Action item ::
Omit all pictures and transcribe only the lines in the entries below that run from the line with "Add4/1 -> Integrator4/1" through the line with "S-Function Builder : S-Function".

※

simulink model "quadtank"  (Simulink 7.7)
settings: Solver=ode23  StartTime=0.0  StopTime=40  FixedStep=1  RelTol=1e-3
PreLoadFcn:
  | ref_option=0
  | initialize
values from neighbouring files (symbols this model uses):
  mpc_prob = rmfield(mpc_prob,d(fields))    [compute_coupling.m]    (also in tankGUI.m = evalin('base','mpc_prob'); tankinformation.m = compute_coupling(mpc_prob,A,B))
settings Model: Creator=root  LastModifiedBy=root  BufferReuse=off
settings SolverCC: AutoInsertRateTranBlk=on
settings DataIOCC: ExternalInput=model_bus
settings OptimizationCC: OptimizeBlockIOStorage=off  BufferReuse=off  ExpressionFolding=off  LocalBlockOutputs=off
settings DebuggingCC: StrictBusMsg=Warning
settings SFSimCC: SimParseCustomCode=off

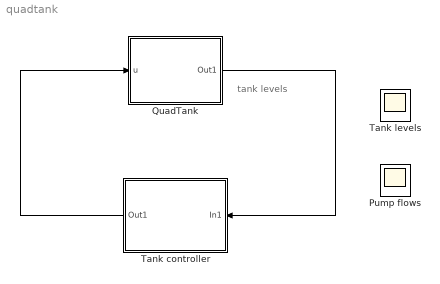
== system quadtank ==
  note: tank levels
  Pump flows : Scope  NumInputPorts=2
      settings: Floating=on  YMin=0~0  YMax=0.6~0.6
  QuadTank : Subsystem
      mask Display: disp('Quadtank');
  Tank controller : Subsystem  RequirementInfo="{}  %GIDa_28b16a57_7a0b_4540_a2f5_635bf4650807"
      mask Display: disp('Controller');
  Tank levels : Scope  NumInputPorts=4
      settings: Floating=on  YMin=0~0~0~0  YMax=0.6~0.6~0.6~0.6  SampleInput=on
  wires:
  QuadTank/1(Out1) -> Tank controller/1(In1)
  Tank controller/1(Out1) -> QuadTank/1(u)

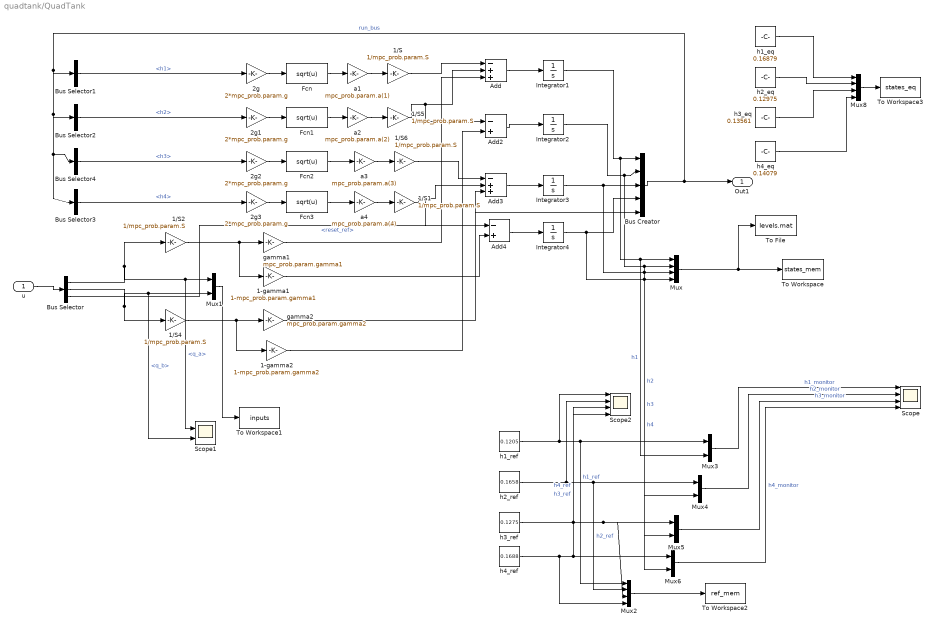
== system quadtank/QuadTank ==
  u : Inport
  1-gamma1 : Gain  Gain=1-mpc_prob.param.gamma1
  1-gamma2 : Gain  Gain=1-mpc_prob.param.gamma2
  1/S{,1..2,4..6} (6 alike) : Gain  Gain=1/mpc_prob.param.S
  2g{,1..3} (4 alike) : Gain  Gain=2*mpc_prob.param.g
  Add : Sum  Inputs=-++
  Add2 : Sum  Inputs=-+
  Add3 : Sum  Inputs=-++
  Add4 : Sum  Inputs=-+
  Bus Creator : BusCreator  Inputs='h1','h2','h3','h4','reset_ref'  OutDataTypeStr=Bus: run_bus
  Bus Selector : BusSelector  OutputSignals=q_a,q_b,reset_ref
  Bus Selector1 : BusSelector  OutputSignals=h1
  Bus Selector2 : BusSelector  OutputSignals=h2
  Bus Selector3 : BusSelector  OutputSignals=h4
  Bus Selector4 : BusSelector  OutputSignals=h3
  Fcn{,1..3} (4 alike) : Fcn  Expr=sqrt(u)
  Integrator1 : Integrator  InitialCondition=mpc_prob.init.h1
  Integrator2 : Integrator  InitialCondition=mpc_prob.init.h2
  Integrator3 : Integrator  InitialCondition=mpc_prob.init.h3
  Integrator4 : Integrator  InitialCondition=mpc_prob.init.h4
  Mux : Mux
  Mux{1,3..6} (5 alike) : Mux  Inputs=2
  Mux2 : Mux
  Mux8 : Mux
  Scope : Scope  NumInputPorts=4
      settings: TimeRange=0.45  YMin=0.565~0.325~0.05~0.54  YMax=0.61~0.6~0.6~0.6  SaveName=ScopeData2
  Scope1 : Scope  NumInputPorts=2
      settings: YMin=-5~-5  YMax=5~5  SaveName=ScopeData3
  Scope2 : Scope  NumInputPorts=4
      settings: TimeRange=1  YMin=0.2~0.15~0.1~0.15  YMax=0.3~0.5~0.4~0.5  SaveName=ScopeData7
  To File : ToFile  Filename=levels.mat
  To Workspace : ToWorkspace  VariableName=states_mem  SampleTime=-1  SaveFormat=Array
  To Workspace1 : ToWorkspace  VariableName=inputs  SampleTime=-1  SaveFormat=Array
  To Workspace2 : ToWorkspace  VariableName=ref_mem  SampleTime=-1  SaveFormat=Array
  To Workspace3 : ToWorkspace  VariableName=states_eq  SampleTime=-1  SaveFormat=Array
  a1 : Gain  Gain=mpc_prob.param.a(1)
  a2 : Gain  Gain=mpc_prob.param.a(2)
  a3 : Gain  Gain=mpc_prob.param.a(3)
  a4 : Gain  Gain=mpc_prob.param.a(4)
  gamma1 : Gain  Gain=mpc_prob.param.gamma1
  gamma2 : Gain  Gain=mpc_prob.param.gamma2
  h1_eq : Constant  Value=0.16879  VectorParams1D=off
  h1_ref : Constant  Value=0.1205  VectorParams1D=off
  h2_eq : Constant  Value=0.12975  VectorParams1D=off
  h2_ref : Constant  Value=0.1658  VectorParams1D=off
  h3_eq : Constant  Value=0.13561  VectorParams1D=off
  h3_ref : Constant  Value=0.1275  VectorParams1D=off
  h4_eq : Constant  Value=0.14079  VectorParams1D=off
  h4_ref : Constant  Value=0.1688  VectorParams1D=off
  Out1 : Outport
  wires:
  2g/1 -> Fcn/1
  2g1/1 -> Fcn1/1
  2g2/1 -> Fcn2/1
  2g3/1 -> Fcn3/1
  Fcn/1 -> a1/1
  a1/1 -> 1/S/1
  Fcn3/1 -> a4/1
  a4/1 -> 1/S1/1
  Fcn1/1 -> a2/1
  Fcn2/1 -> a3/1
  a2/1 -> 1/S5/1
  a3/1 -> 1/S6/1
  u/1 -> Bus Selector/1
  Add/1 -> Integrator1/1
  Add2/1 -> Integrator2/1
  Add3/1 -> Integrator3/1
  Add4/1 -> Integrator4/1
  Bus Selector/1 -> 1/S2/1, Mux1/1, Scope1/1  "<q_a>"
  Bus Selector/2 -> 1/S4/1, Mux1/2, Scope1/2  "<q_b>"
  1/S2/1 -> gamma1/1, 1-gamma1/1
  1/S4/1 -> gamma2/1, 1-gamma2/1
  Bus Creator/1 -> Out1/1, Bus Selector1/1, Bus Selector2/1, Bus Selector4/1, Bus Selector3/1  "run_bus"
  Bus Selector1/1 -> 2g/1  "<h1>"
  Bus Selector2/1 -> 2g1/1  "<h2>"
  Bus Selector4/1 -> 2g2/1  "<h3>"
  Bus Selector3/1 -> 2g3/1  "<h4>"
  Integrator1/1 -> Bus Creator/1, Mux/1, Mux3/2  "h1"
  Integrator2/1 -> Bus Creator/2, Mux/2, Mux4/2  "h2"
  Integrator3/1 -> Bus Creator/3, Mux/3, Mux5/2  "h3"
  Integrator4/1 -> Bus Creator/4, Mux/4, Mux6/2  "h4"
  Mux/1 -> To Workspace/1, To File/1
  h1_ref/1 -> Mux3/1, Mux2/1, Scope2/1  "h1_ref"
  h2_ref/1 -> Mux4/1, Mux2/2, Scope2/2  "h2_ref"
  h3_ref/1 -> Mux5/1, Mux2/3, Scope2/3  "h3_ref"
  h4_ref/1 -> Mux2/4, Mux6/1, Scope2/4  "h4_ref"
  Mux3/1 -> Scope/1  "h1_monitor"
  Mux4/1 -> Scope/2  "h2_monitor"
  Mux5/1 -> Scope/3  "h3_monitor"
  Mux6/1 -> Scope/4  "h4_monitor"
  1/S/1 -> Add/1
  1/S5/1 -> Add/2, Add2/1
  gamma1/1 -> Add/3
  1-gamma2/1 -> Add2/2
  1/S6/1 -> Add3/1
  1/S1/1 -> Add3/2, Add4/1
  gamma2/1 -> Add3/3
  1-gamma1/1 -> Add4/2
  Bus Selector/3 -> Bus Creator/5  "<reset_ref>"
  Mux2/1 -> To Workspace2/1
  h1_eq/1 -> Mux8/1
  h2_eq/1 -> Mux8/2
  h3_eq/1 -> Mux8/3
  h4_eq/1 -> Mux8/4
  Mux8/1 -> To Workspace3/1
  Mux1/1 -> To Workspace1/1

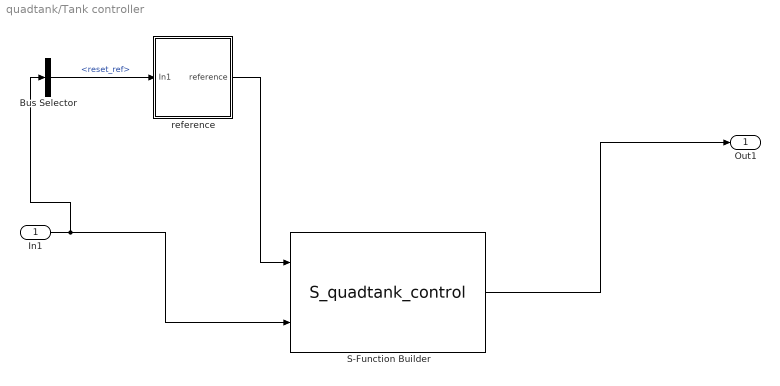
== system quadtank/Tank controller ==
  In1 : Inport
  Bus Selector : BusSelector  OutputSignals=reset_ref
  S-Function Builder : S-Function  InitFcn=try, set_param(gcb,'FunctionName','S_quadtank_control'), end  FunctionName=S_quadtank_control  SFunctionModules=S_quadtank_control_wrapper  WizardData=DataTag0  EnableBusSupport=off  mask(S-Function Builder){}
      mask help: The S-Function Builder block creates a wrapper C-MEX S-function from your supplied C code with multiple input ports, output ports, and a variable number of scalar, vector, or matrix parameters. The input and output ports can propagate Simulink built-in data types, fixed-point datatypes, complex, frame, 1-D, and 2-D signals. This block also supports discrete and continuous states of type real. You can optionally have the block generate a TLC file to be used with Real-Time Workshop for code generation.
      mask init:
      | val = [[.9  0.75 0.75 1 1 .9 .9 1]',[1 1 0.75 0.75 .9 .9 1 .9]'];try , sys = get_param(gcb,'SfunBuilderFcnName');if isempty(sys), sys = get_param(gcb,'FunctionName'); end,catch, sys = get_param(gcb,'FunctionName'); end
      settings: CopyFcn=set_param(gcbh,'LinkStatus','none')  PreSaveFcn=try, set_param(gcb,'FunctionName','S_quadtank_control'), end  OpenFcn=sfunctionwizard(gcbh)
      mask Display:
      | plot(val(:,1),val(:,2)),disp(sys)
      | port_label('input',1,'ref')
      | port_label('input',2,'x')
      | port_label('output',1,'u')
  reference : Subsystem
  Out1 : Outport
  wires:
  reference/1(reference) -> S-Function Builder/1
  In1/1 -> S-Function Builder/2, Bus Selector/1
  S-Function Builder/1 -> Out1/1
  Bus Selector/1 -> reference/1(In1)  "<reset_ref>"

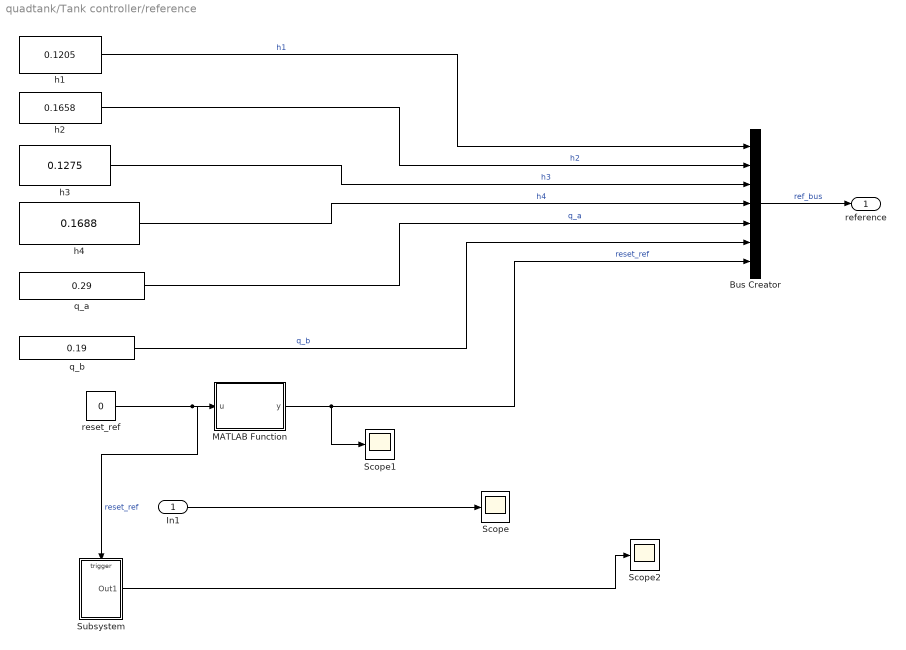
== system quadtank/Tank controller/reference ==
  In1 : Inport
  Bus Creator : BusCreator  Inputs=7  OutDataTypeStr=Bus: ref_bus
  MATLAB Function : Stateflow chart  TreatAsAtomicUnit=on
  Scope : Scope
      settings: SaveName=ScopeData5
  Scope1 : Scope
      settings: SaveName=ScopeData4
  Scope2 : Scope
      settings: SaveName=ScopeData6
  Subsystem : Subsystem
  h1 : Constant  Value=0.1205  VectorParams1D=off
  h2 : Constant  Value=0.1658  VectorParams1D=off
  h3 : Constant  Value=0.1275  VectorParams1D=off
  h4 : Constant  Value=0.1688  VectorParams1D=off
  q_a : Constant  Value=0.29  VectorParams1D=off
  q_b : Constant  Value=0.19  VectorParams1D=off
  reset_ref : Constant  Value=0
  reference : Outport
  wires:
  Bus Creator/1 -> reference/1  "ref_bus"
  h1/1 -> Bus Creator/1  "h1"
  h2/1 -> Bus Creator/2  "h2"
  h3/1 -> Bus Creator/3  "h3"
  h4/1 -> Bus Creator/4  "h4"
  q_a/1 -> Bus Creator/5  "q_a"
  q_b/1 -> Bus Creator/6  "q_b"
  In1/1 -> Scope/1
  reset_ref/1 -> MATLAB Function/1(u), Subsystem/Trigger  "reset_ref"
  MATLAB Function/1(y) -> Bus Creator/7, Scope1/1  "reset_ref"
  Subsystem/1(Out1) -> Scope2/1

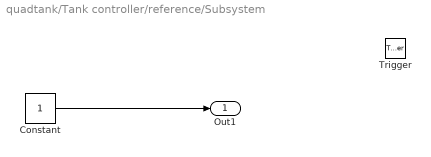
== system quadtank/Tank controller/reference/Subsystem ==
  Trigger : TriggerPort
  Constant : Constant
  Out1 : Outport
  wires:
  Constant/1 -> Out1/1

== matlab function Tank controller/reference/MATLAB Function ==
  data: u input double; y output double
function y=fcn(u)
%#codegen
eml.extrinsic('set_param');
eml.extrinsic('num2str');

if(u==1)
set_param('quadtank/Tank controller/reference/reset_ref','Value',num2str(0));
y=u;
else
    y=u;
end

※

Answer to this exercise ::
  Add4/1 -> Integrator4/1
  Bus Selector/1 -> 1/S2/1, Mux1/1, Scope1/1  "<q_a>"
  Bus Selector/2 -> 1/S4/1, Mux1/2, Scope1/2  "<q_b>"
  1/S2/1 -> gamma1/1, 1-gamma1/1
  1/S4/1 -> gamma2/1, 1-gamma2/1
  Bus Creator/1 -> Out1/1, Bus Selector1/1, Bus Selector2/1, Bus Selector4/1, Bus Selector3/1  "run_bus"
  Bus Selector1/1 -> 2g/1  "<h1>"
  Bus Selector2/1 -> 2g1/1  "<h2>"
  Bus Selector4/1 -> 2g2/1  "<h3>"
  Bus Selector3/1 -> 2g3/1  "<h4>"
  Integrator1/1 -> Bus Creator/1, Mux/1, Mux3/2  "h1"
  Integrator2/1 -> Bus Creator/2, Mux/2, Mux4/2  "h2"
  Integrator3/1 -> Bus Creator/3, Mux/3, Mux5/2  "h3"
  Integrator4/1 -> Bus Creator/4, Mux/4, Mux6/2  "h4"
  Mux/1 -> To Workspace/1, To File/1
  h1_ref/1 -> Mux3/1, Mux2/1, Scope2/1  "h1_ref"
  h2_ref/1 -> Mux4/1, Mux2/2, Scope2/2  "h2_ref"
  h3_ref/1 -> Mux5/1, Mux2/3, Scope2/3  "h3_ref"
  h4_ref/1 -> Mux2/4, Mux6/1, Scope2/4  "h4_ref"
  Mux3/1 -> Scope/1  "h1_monitor"
  Mux4/1 -> Scope/2  "h2_monitor"
  Mux5/1 -> Scope/3  "h3_monitor"
  Mux6/1 -> Scope/4  "h4_monitor"
  1/S/1 -> Add/1
  1/S5/1 -> Add/2, Add2/1
  gamma1/1 -> Add/3
  1-gamma2/1 -> Add2/2
  1/S6/1 -> Add3/1
  1/S1/1 -> Add3/2, Add4/1
  gamma2/1 -> Add3/3
  1-gamma1/1 -> Add4/2
  Bus Selector/3 -> Bus Creator/5  "<reset_ref>"
  Mux2/1 -> To Workspace2/1
  h1_eq/1 -> Mux8/1
  h2_eq/1 -> Mux8/2
  h3_eq/1 -> Mux8/3
  h4_eq/1 -> Mux8/4
  Mux8/1 -> To Workspace3/1
  Mux1/1 -> To Workspace1/1

== system quadtank/Tank controller ==
  In1 : Inport
  Bus Selector : BusSelector  OutputSignals=reset_ref
  S-Function Builder : S-Function  InitFcn=try, set_param(gcb,'FunctionName','S_quadtank_control'), end  FunctionName=S_quadtank_control  SFunctionModules=S_quadtank_control_wrapper  WizardData=DataTag0  EnableBusSupport=off  mask(S-Function Builder){}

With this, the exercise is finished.